Padahal kata Muhar, saat ini sudah sebelas tahun Aceh menjalani proses damai, dan ia sangat yakin tidak akan ada lagi gesekan-gesekan, termasuk dalam proses tahapan pelaksanaan pilkada. “Menurut saya, saat ini tidak perlu penambahan pasukan ke Aceh, saya pikir dengan pasukan (Polri) yang sudah ada dibantu pasukan TNI, Insya Allah sudah memadai. Aceh tidak suram lho, sudah sebelas tahun kita damai, Insya Allah kali ini sama-sama kita wujudkan pilkada yang aman dan damai,” kata Muharuddin.

 

Hal Yang Perlu Dipertanyakan.

 

Timbulnya sikap dari petinggi DPR Aceh yang tidak menyambut positip atas penambahan pasukan pengamanan menjelang pelaksanaan Pilkada Aceh 2017 tentunya akan menjadi pertanyaan bagi kita semua, khususnya masyarakat Aceh. Mengapa petinggi DPR Aceh timbul sikap seperti itu? Apakah DPR Aceh sudah dapat menjamin keamanan menjelang pelaksanaan Polkada Aceh 2017 mendatang?Apakah ada rencana rahasia yang sudah dipersiapkan petinggi DPR Aceh untuk Pilkada Aceh 2017 mendatang? Sikap petinggi DPR Aceh tersebut secara tidak langsung sudah mengarah untuk mengancam kebebasan masyarakat aceh dalam pesta demokrasi tersebut.
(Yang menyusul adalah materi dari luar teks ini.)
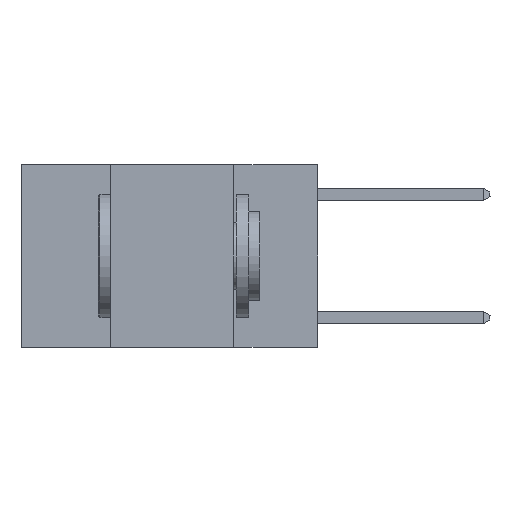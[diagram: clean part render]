
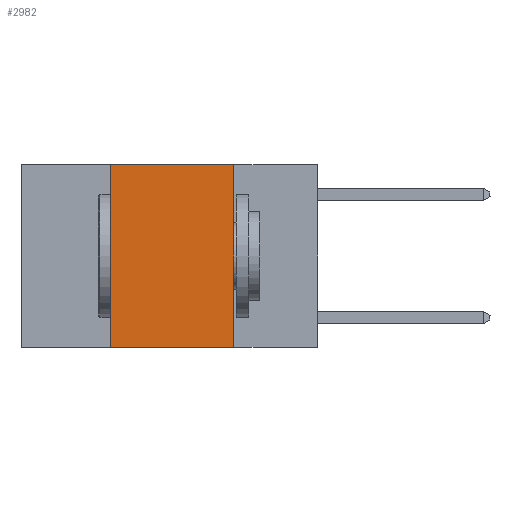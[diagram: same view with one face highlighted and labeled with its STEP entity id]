
A CAD part, left-side view. The second image highlights one B-rep face of the part: STEP entity #2982.
In plain terms, the highlighted planar face has unit normal (-1, 0, 0).
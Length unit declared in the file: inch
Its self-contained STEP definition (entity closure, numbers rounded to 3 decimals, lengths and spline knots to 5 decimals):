
#565 = EDGE_CURVE ( 'NONE', #15322, #9636, #928, .T. ) ;
#928 = LINE ( 'NONE', #5608, #14651 ) ;
#1638 = AXIS2_PLACEMENT_3D ( 'NONE', #15716, #22182, #24866 ) ;
#1966 = CARTESIAN_POINT ( 'NONE',  ( 0., 0.42, 0. ) ) ;
#2029 = CARTESIAN_POINT ( 'NONE',  ( 0., 0.6, 0. ) ) ;
#2982 = ADVANCED_FACE ( 'NONE', ( #27120 ), #22031, .F. ) ;
#3289 = CARTESIAN_POINT ( 'NONE',  ( 0., 0.6, -0.37 ) ) ;
#4956 = VECTOR ( 'NONE', #11877, 39.37008 ) ;
#5608 = CARTESIAN_POINT ( 'NONE',  ( 0., 0.17, 0. ) ) ;
#8841 = CARTESIAN_POINT ( 'NONE',  ( 0., 0.42, 0. ) ) ;
#9636 = VERTEX_POINT ( 'NONE', #12578 ) ;
#9717 = ORIENTED_EDGE ( 'NONE', *, *, #565, .F. ) ;
#11158 = EDGE_CURVE ( 'NONE', #15229, #15322, #27421, .T. ) ;
#11544 = LINE ( 'NONE', #8841, #23256 ) ;
#11877 = DIRECTION ( 'NONE',  ( 0., -1., 0. ) ) ;
#12336 = CARTESIAN_POINT ( 'NONE',  ( 0., 0.17, 0. ) ) ;
#12578 = CARTESIAN_POINT ( 'NONE',  ( 0., 0.17, -0.37 ) ) ;
#13191 = ORIENTED_EDGE ( 'NONE', *, *, #11158, .F. ) ;
#14651 = VECTOR ( 'NONE', #25891, 39.37008 ) ;
#14722 = LINE ( 'NONE', #3289, #4956 ) ;
#15229 = VERTEX_POINT ( 'NONE', #1966 ) ;
#15322 = VERTEX_POINT ( 'NONE', #12336 ) ;
#15576 = DIRECTION ( 'NONE',  ( 0., -1., 0. ) ) ;
#15716 = CARTESIAN_POINT ( 'NONE',  ( 0., 0.6, 0. ) ) ;
#17132 = EDGE_CURVE ( 'NONE', #22650, #9636, #14722, .T. ) ;
#17263 = VECTOR ( 'NONE', #15576, 39.37008 ) ;
#18306 = DIRECTION ( 'NONE',  ( 0., 0., 1. ) ) ;
#18681 = EDGE_CURVE ( 'NONE', #22650, #15229, #11544, .T. ) ;
#20392 = ORIENTED_EDGE ( 'NONE', *, *, #18681, .F. ) ;
#20748 = ORIENTED_EDGE ( 'NONE', *, *, #17132, .T. ) ;
#22031 = PLANE ( 'NONE',  #1638 ) ;
#22182 = DIRECTION ( 'NONE',  ( 1., 0., 0. ) ) ;
#22650 = VERTEX_POINT ( 'NONE', #27989 ) ;
#23256 = VECTOR ( 'NONE', #18306, 39.37008 ) ;
#24866 = DIRECTION ( 'NONE',  ( 0., 0., -1. ) ) ;
#25891 = DIRECTION ( 'NONE',  ( 0., 0., -1. ) ) ;
#27004 = EDGE_LOOP ( 'NONE', ( #9717, #13191, #20392, #20748 ) ) ;
#27120 = FACE_OUTER_BOUND ( 'NONE', #27004, .T. ) ;
#27421 = LINE ( 'NONE', #2029, #17263 ) ;
#27989 = CARTESIAN_POINT ( 'NONE',  ( 0., 0.42, -0.37 ) ) ;

Sebaliknya sudah seharusnya sebagai wakil rakyat yang sudah dipilih dan dipercaya oleh rakyat sebagai unsur penyelenggara pemerintahan daerah dapat memberikan rasa keamanan dan ketentraman bagi rakyat Aceh secara keseluruhan. Mudah-mudahan sikap dari petinggi DPR Aceh yang belum bisa menerima rencana adanya penambahan pasukan pengamanan menjelang Pilkada Aceh 2017 mendatang, hanya merupakan “lelucon” gaya baru belaka. Kami disini masih percaya bahwasannya DPR Aceh akan memberikan ruang dan waktu terhadap kehadiran penambahan pasukan pengamanan Pilkada tersebut, demi keamanan dan ketentraman masyarakat Aceh menjelang pelaksanaan Pilkada  Aceh 2017 mendatang. Semoga pelaksanaan Pilkada Aceh 2017 mendatang dapat melahirkan pemimpin yang baru secara jujur dan adil, demi terciptanya Aceh yang lebih baik dari tahun sebelumnya.